In the case of heterogeneous populations of polynucleotides, which are present in different concentrations the curve is not simple; different groups of molecules associate at different Cot values, and correspondingly the curve may have several rising sections.
The knowledge of the dynamics of molecular hybridization allows the use of this method for determining some quantitative characteristics of certain DNA and RNA sequences. A rare sequence that is present only in low concentrations in any sample will need a much longer time to form duplexes because the chances of such molecules colliding with a complementary partner are small; a sequence that is in great abundance in a sample will re-associate rapidly, because the chances are greater that such molecules will collide with a suitable partner.
Thus the hybridization experiment can give an estimate of the numbers of certain types of molecule in a sample. Furthermore, the method can be used for separation in a mixture of the sequences that are abundant, or common, from the sequences that are rare. It is only necessary to run the reaction for a sufficient time for the common sequences to associate, and then separate them from the molecules remaining single on a hydroxyapatite column.

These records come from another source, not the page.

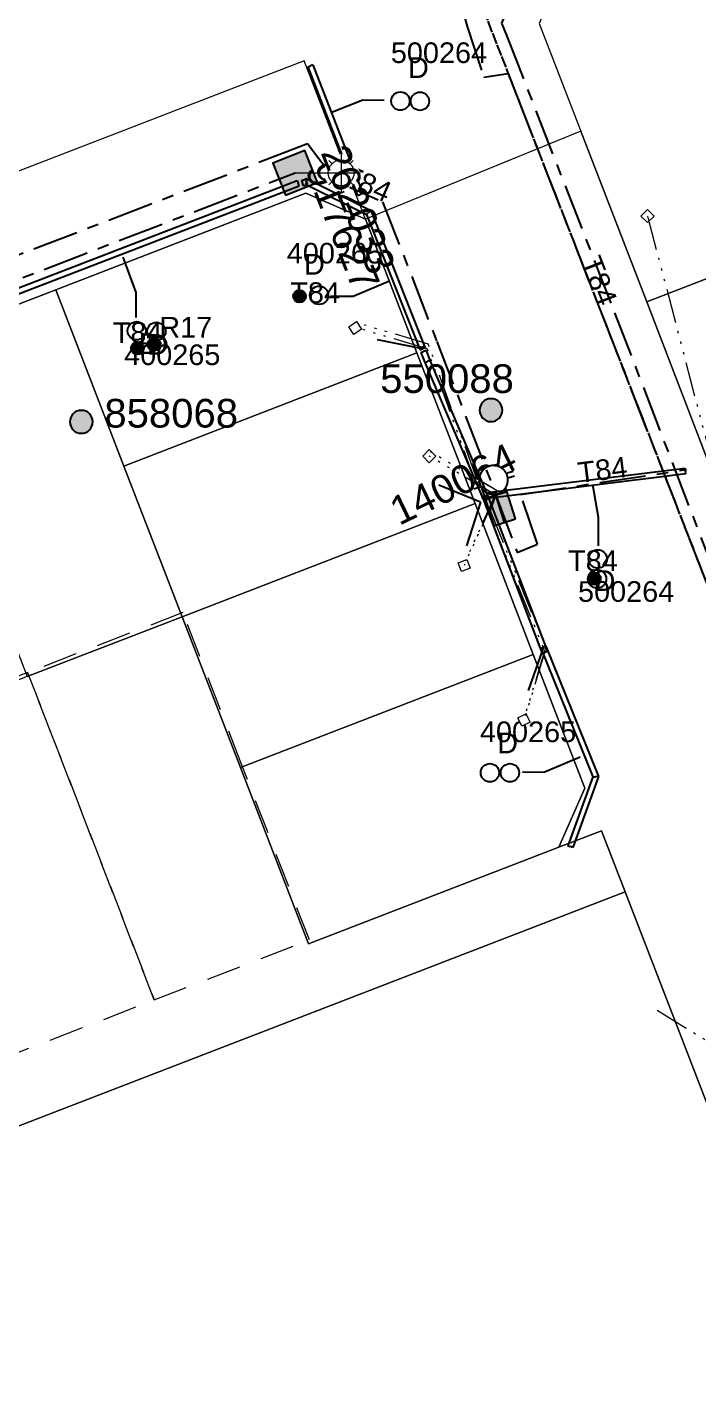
# Model space of a CAD drawing. Header units: metres. Extents: x 0 to 311631, y 0 to 6270612.
# Drawn here: x 310918.7 to 310977.1, y 6270299.1 to 6270418.6 of the extents above; entities that cross this region are included whole.
import ezdxf
from ezdxf.enums import TextEntityAlignment as Align

# ---------------------------------------------------------------- set-up
doc = ezdxf.new("R2010")
doc.units = ezdxf.units.M
for name, pattern in [('Cable Exist OH', [1, 1, 0]), ('Cable Exist UG', [7, 4, -1, 1, -1]), ('Dash', [5, 3, -2]), ('PHANTOMX2', [6.6, 3, -0.75, 0.2, -0.75, 0.2, -0.75, 0.2, -0.75])]:
    doc.linetypes.add(name, pattern=pattern)
doc.layers.get('0').update_dxf_attribs({"color": 6})
for name, color, linetype, lineweight in [('_User Miscellaneous1', 30, 'Continuous', 13), ('Cadastre Developer_SP_EXT', 98, 'Continuous', 15), ('Cadastre Land Parcels_SP_EXT', 118, 'Continuous', 15), ('Cadastre Roads_SP_EXT', 218, 'Continuous', 15), ('Mains_HV_EXT', 13, 'Continuous', 25), ('Mains_LV_EXT', 163, 'Continuous', 25), ('Mains_LV_SL_EXT', 135, 'Continuous', 25), ('Mains_SL_EXT', 131, 'Continuous', 25), ('Services_SP_EXT', 42, 'PHANTOMX2', 20), ('Services_SP_MOD', 3, 'PHANTOMX2', 20)]:
    doc.layers.add(name, color=color, linetype=linetype, lineweight=lineweight)
for name, color, linetype in [('Duct_SP_EXT', 30, 'Continuous'), ('Equip_LV_EXT', 7, 'Continuous'), ('SupportsOH_SP_TR_HV_LV_SL_EXT', 7, 'Continuous'), ('SupportsUG_SP_LV_EXT', 7, 'Continuous'), ('SupportsUG_SP_LV_SL_EXT', 7, 'Continuous'), ('Trench_SP_EXT', 7, 'Continuous')]:
    doc.layers.add(name, color=color, linetype=linetype)
doc.styles.add('COLUMN_LABEL', font='arial.ttf', dxfattribs={"height": 2})
doc.styles.add('iecARIAL', font='arial.ttf', dxfattribs={"height": 2})
doc.styles.add('POLE_LABEL', font='arial.ttf', dxfattribs={"height": 2})
doc.styles.add('SL_LABEL', font='arial.ttf', dxfattribs={"height": 2})
doc.styles.get("Standard").update_dxf_attribs({"font": 'arial.ttf'})

# ---------------------------------------------------------------- blocks, each defined once
blk = doc.blocks.new('COLUMN_EXT')
blk.add_hatch(color=256).paths.add_polyline_path([(1.5, -1.5), (1.5, 1.5), (-1.5, 1.5), (-1.5, -1.5)])
blk.add_lwpolyline([(1.5, 1.5), (-1.5, 1.5), (-1.5, -1.5), (1.5, -1.5)], close=True)
at = {"flags": 9}
for tag, p in [('STREETNAME', (-1.81, 1.6)), ('LOCATION', (-1.81, 1.4)), ('SUBURB', (-1.81, 1.8)), ('LEGEND', (-1.81, 1.2)), ('NOTES', (-1.81, 2)), ('COLUMN_TYPE', (-1.81, 0.4)), ('OWNED_BY', (-1.81, 0.6)), ('USAGE', (-1.81, 1)), ('STATE', (-1.81, 0.8))]:
    blk.add_attdef(tag, text='', height=0.2, rotation=180, dxfattribs=at).set_placement(p, align=Align.MIDDLE_LEFT)
at = {"flags": 1}
blk.add_attdef('Z', (-1.81, 2.35), '', height=0.2, rotation=180, dxfattribs=at)
at = {"flags": 9}
for tag, style, p in [('STRUCTURE_PLANT_NUMBER', 'POLE_LABEL', (-1.81, -0.03)), ('STREET_CODE', 'COLUMN_LABEL', (-1.81, 0.2))]:
    blk.add_attdef(tag, text='', height=0.2, rotation=180, dxfattribs=dict(at, style=style)).set_placement(p, align=Align.MIDDLE_LEFT)
at = {"style": 'COLUMN_LABEL', "width": 0.9, "flags": 8}
blk.add_attdef('ASSET_NUM', text='', height=2, rotation=270, dxfattribs=at).set_placement((2, -4), align=Align.MIDDLE_LEFT)
blk = doc.blocks.new('PILLAR_EXT')
blk.add_hatch(color=256).paths.add_polyline_path([(-2.5, 1), (-2.5, -1), (2.5, -1), (2.5, 1)])
for p, q in [((-2.5, 0), (2.5, 0)), ((0, 1), (0, -1))]:
    blk.add_line(p, q)
at = {"ltscale": 10}
blk.add_line((2.5, 0), (-2.5, 0), dxfattribs=at)
blk.add_lwpolyline([(-2.5, -1), (-1.25, -1), (1.25, -1), (2.5, -1), (2.5, 1), (-2.5, 1)], close=True)
at = {"width": 0.9, "flags": 8}
blk.add_attdef('ASSET_NUM', text='', height=2, rotation=90, dxfattribs=at).set_placement((-2, 4), align=Align.MIDDLE_LEFT)
for tag, p, flags in [('OWNED_BY', (0, -0.2), 9), ('STATE', (0, -0.4), 9), ('SUPPORT_TYPE', (0, -0.6), 9), ('USAGE', (0, -0.8), 9), ('LEGEND', (0, -1), 9), ('LOCATION', (0, -1.2), 9), ('STREETNAME', (0, -1.8), 9), ('SUBURB', (0, -2), 1), ('NOTES', (0, -1.4), 9), ('PARENT', (0, -1.6), 9)]:
    blk.add_attdef(tag, p, '', height=0.2, dxfattribs=dict(flags=flags))
blk = doc.blocks.new('DUCT_EXT')
blk.add_circle((0, 0.8), 0.8)
at = {"flags": 1}
blk.add_attdef('Z', (0, 0), '', height=0.2, dxfattribs=at)
at = {"flags": 9}
for tag, p in [('DUCT_CODE', (0, 0)), ('XSECT_TYPE', (0, -0.2)), ('STATE', (0, -0.6)), ('FB_REFERENCE', (0, -0.4)), ('NOTES', (0, -0.8))]:
    blk.add_attdef(tag, text='', height=0.2, dxfattribs=at).set_placement(p, align=Align.MIDDLE_LEFT)
blk = doc.blocks.new('CCP_EXT')
at = {"flags": 9}
for tag, p in [('STATE', (0, -1.8)), ('LEGEND', (0, -1.4)), ('LIFE_SUPPORT', (0, -1.6)), ('NOTES', (0, -2))]:
    blk.add_attdef(tag, text='', height=0.2, dxfattribs=at).set_placement(p, align=Align.MIDDLE_LEFT)
blk.add_wipeout([(0, 0.57), (0.57, 0), (0, -0.57), (-0.57, 0)])
blk.add_lwpolyline([(-0.57, 0), (0, 0.57), (0.57, 0), (0, -0.57), (-0.57, 0)])
at = {"flags": 1}
blk.add_attdef('Z', (0, 0), '', height=0.2, dxfattribs=at)
at = {"flags": 9}
for tag, p in [('CCP_TYPE', (0, 0)), ('CONSTRUCTED_VOLTAGE', (0, -0.2)), ('OPERATING_VOLTAGE', (0, -0.6)), ('ORIENTATION', (0, -0.8)), ('OWNED_BY', (0, -1)), ('NO_PHASES', (0, -0.4)), ('USAGE', (0, -1.2))]:
    blk.add_attdef(tag, text='', height=0.2, dxfattribs=at).set_placement(p, align=Align.MIDDLE_LEFT)
blk = doc.blocks.new('POLE_EXT')
blk.add_hatch(color=256).paths.add_polyline_path([(-1, 0, 1), (1, 0, 1)])
blk.add_lwpolyline([(-1, 0, 1), (1, 0, 1)], format="xyb", close=True)
at = {"flags": 8}
blk.add_attdef('pNumber', text='', height=2, dxfattribs=at).set_placement((2.5, 2.5), align=Align.MIDDLE_CENTER)
at = {"style": 'POLE_LABEL', "flags": 9}
for tag, p in [('STRUCTURE_PLANT_NUMBER', (1.35, 0.03)), ('STREET_CODE', (1.35, -0.2))]:
    blk.add_attdef(tag, text='', height=0.2, dxfattribs=at).set_placement(p, align=Align.MIDDLE_LEFT)
at = {"flags": 9}
for tag, p in [('OWNED_BY', (1.35, -0.4)), ('SPECIAL_USE', (1.35, -0.8)), ('STATE', (1.35, -1)), ('PARENT', (1.35, -0.6)), ('USAGE', (1.35, -1.2)), ('cLV', (1.35, -1.4)), ('hDepth', (1.35, -1.6)), ('hDia', (1.35, -1.8)), ('cHV', (1.35, -2)), ('LBRACKET', (1.35, -2.2)), ('LExisting', (1.35, -2.4)), ('cLinedev', (1.35, -3.4)), ('LANTNUMBER', (1.35, -2.6)), ('LOther', (1.35, -2.8)), ('LRemove', (1.35, -3)), ('LEGEND', (1.35, -3.2)), ('LOCATION', (1.35, -3.6)), ('pExisting', (1.35, -3.8)), ('pFooting', (1.35, -4.4)), ('pNew', (1.35, -4.6)), ('PFNUMBER', (1.35, -4)), ('NEWPFNUMBER', (1.35, -4.2)), ('pRelocate', (1.35, -5)), ('pRemove', (1.35, -5.2)), ('pReplace', (1.35, -5.4)), ('pStay', (1.35, -5.6)), ('pType', (1.35, -5.8)), ('cspan', (1.35, -6)), ('STREETNAME', (1.35, -6.2)), ('SUBURB', (1.35, -6.4)), ('OPERATED_BY', (1.36, -7.01)), ('NOTES', (1.35, -6.6)), ('MAINTAINED_BY', (1.36, -6.81))]:
    blk.add_attdef(tag, text='', height=0.2, dxfattribs=at).set_placement(p, align=Align.MIDDLE_LEFT)
at = {"flags": 1}
blk.add_attdef('Z', (1.35, -7.33), '', height=0.2, dxfattribs=at)
blk = doc.blocks.new('LV_UG_LINKS_OPEN_EXT')
at = {"layer": 'Equip_LV_EXT'}
for tag, height, flags, p in [('NO_PHASES', 0.167, 9, (3.17, -2)), ('OPERATING_VOLTAGE', 0.2, 9, (3, -2.6)), ('ORIENTATION', 0.2, 9, (3, -2.8)), ('STATE', 0.2, 9, (3, -3)), ('SWITCH_TYPE', 0.2, 9, (3, -3.2)), ('USAGE', 0.2, 9, (3, -3.4)), ('NOTES', 0.2, 9, (3, -3.6)), ('OWNED_BY', 0.2, 9, (3, -3.8)), ('OPERATED_BY', 0.2, 9, (3, -4)), ('TYPE', 0.2, 9, (3, -4.6)), ('Z', 0.2, 1, (3, -4.8)), ('MAINTAINED_BY', 0.2, 9, (3, -4.2)), ('NUMBER_OF_PHASES', 0.2, 9, (3, -4.4))]:
    blk.add_attdef(tag, text='', height=height, dxfattribs=dict(at, flags=flags)).set_placement(p, align=Align.MIDDLE_LEFT)
blk.add_wipeout([(4, 1.25), (3.97, 1.25), (3.94, 1.25), (3.91, 1.25), (3.88, 1.24), (3.85, 1.24), (3.82, 1.24), (3.79, 1.23), (3.76, 1.23), (3.73, 1.22), (3.7, 1.21), (3.67, 1.2), (3.64, 1.2), (3.61, 1.19), (3.58, 1.18), (3.55, 1.17), (3.52, 1.15), (3.49, 1.14), (3.47, 1.13), (3.44, 1.12), (3.41, 1.1), (3.38, 1.09), (3.36, 1.07), (3.33, 1.06), (3.31, 1.04), (3.28, 1.02), (3.26, 1), (3.23, 0.99), (3.21, 0.97), (3.18, 0.95), (3.16, 0.93), (3.14, 0.91), (3.12, 0.88), (3.09, 0.86), (3.07, 0.84), (3.05, 0.82), (3.03, 0.79), (3.01, 0.77), (3, 0.74), (2.98, 0.72), (2.96, 0.69), (2.94, 0.67), (2.93, 0.64), (2.91, 0.62), (2.9, 0.59), (2.88, 0.56), (2.87, 0.53), (2.86, 0.51), (2.85, 0.48), (2.83, 0.45), (2.82, 0.42), (2.81, 0.39), (2.8, 0.36), (2.8, 0.33), (2.79, 0.3), (2.78, 0.27), (2.77, 0.24), (2.77, 0.21), (2.76, 0.18), (2.76, 0.15), (2.76, 0.12), (2.75, 0.09), (2.75, 0.06), (2.75, 0.03), (2.75, 0), (2.75, -0.03), (2.75, -0.06), (2.75, -0.09), (2.76, -0.12), (2.76, -0.15), (2.76, -0.18), (2.77, -0.21), (2.77, -0.24), (2.78, -0.27), (2.79, -0.3), (2.8, -0.33), (2.8, -0.36), (2.81, -0.39), (2.82, -0.42), (2.83, -0.45), (2.85, -0.48), (2.86, -0.51), (2.87, -0.53), (2.88, -0.56), (2.9, -0.59), (2.91, -0.62), (2.93, -0.64), (2.94, -0.67), (2.96, -0.69), (2.98, -0.72), (3, -0.74), (3.01, -0.77), (3.03, -0.79), (3.05, -0.82), (3.07, -0.84), (3.09, -0.86), (3.12, -0.88), (3.14, -0.91), (3.16, -0.93), (3.18, -0.95), (3.21, -0.97), (3.23, -0.99), (3.26, -1), (3.28, -1.02), (3.31, -1.04), (3.33, -1.06), (3.36, -1.07), (3.38, -1.09), (3.41, -1.1), (3.44, -1.12), (3.47, -1.13), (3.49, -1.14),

It was discovered through the use of the molecular hybridization method that in the genomes of eukaryotes some sequences of the DNA are present in multiple copies. As it is not possible at this time to separate particular sections of the DNA performing different functions (sections representing specific genes, or other functional units), recourse has been made to breaking up the DNA from the chromosomes randomly into fragments.
This is done either by using ultrasound, or by squirting a solution of DNA under high pressure through a narrow orifice, or by high-speed blending. The chromosomal DNA is thus broken up into fragments about 500 nucleotides in length. These are then dissociated into a single-stranded condition, and allowed to re-associate.
It is found that some fragments associate very rapidly, showing that they all contain similar (complementary) sequences of nucleotides, while other fragments take a very long time to re-associate, showing that the nucleotide sequences in these fragments were not repeated in the same genome.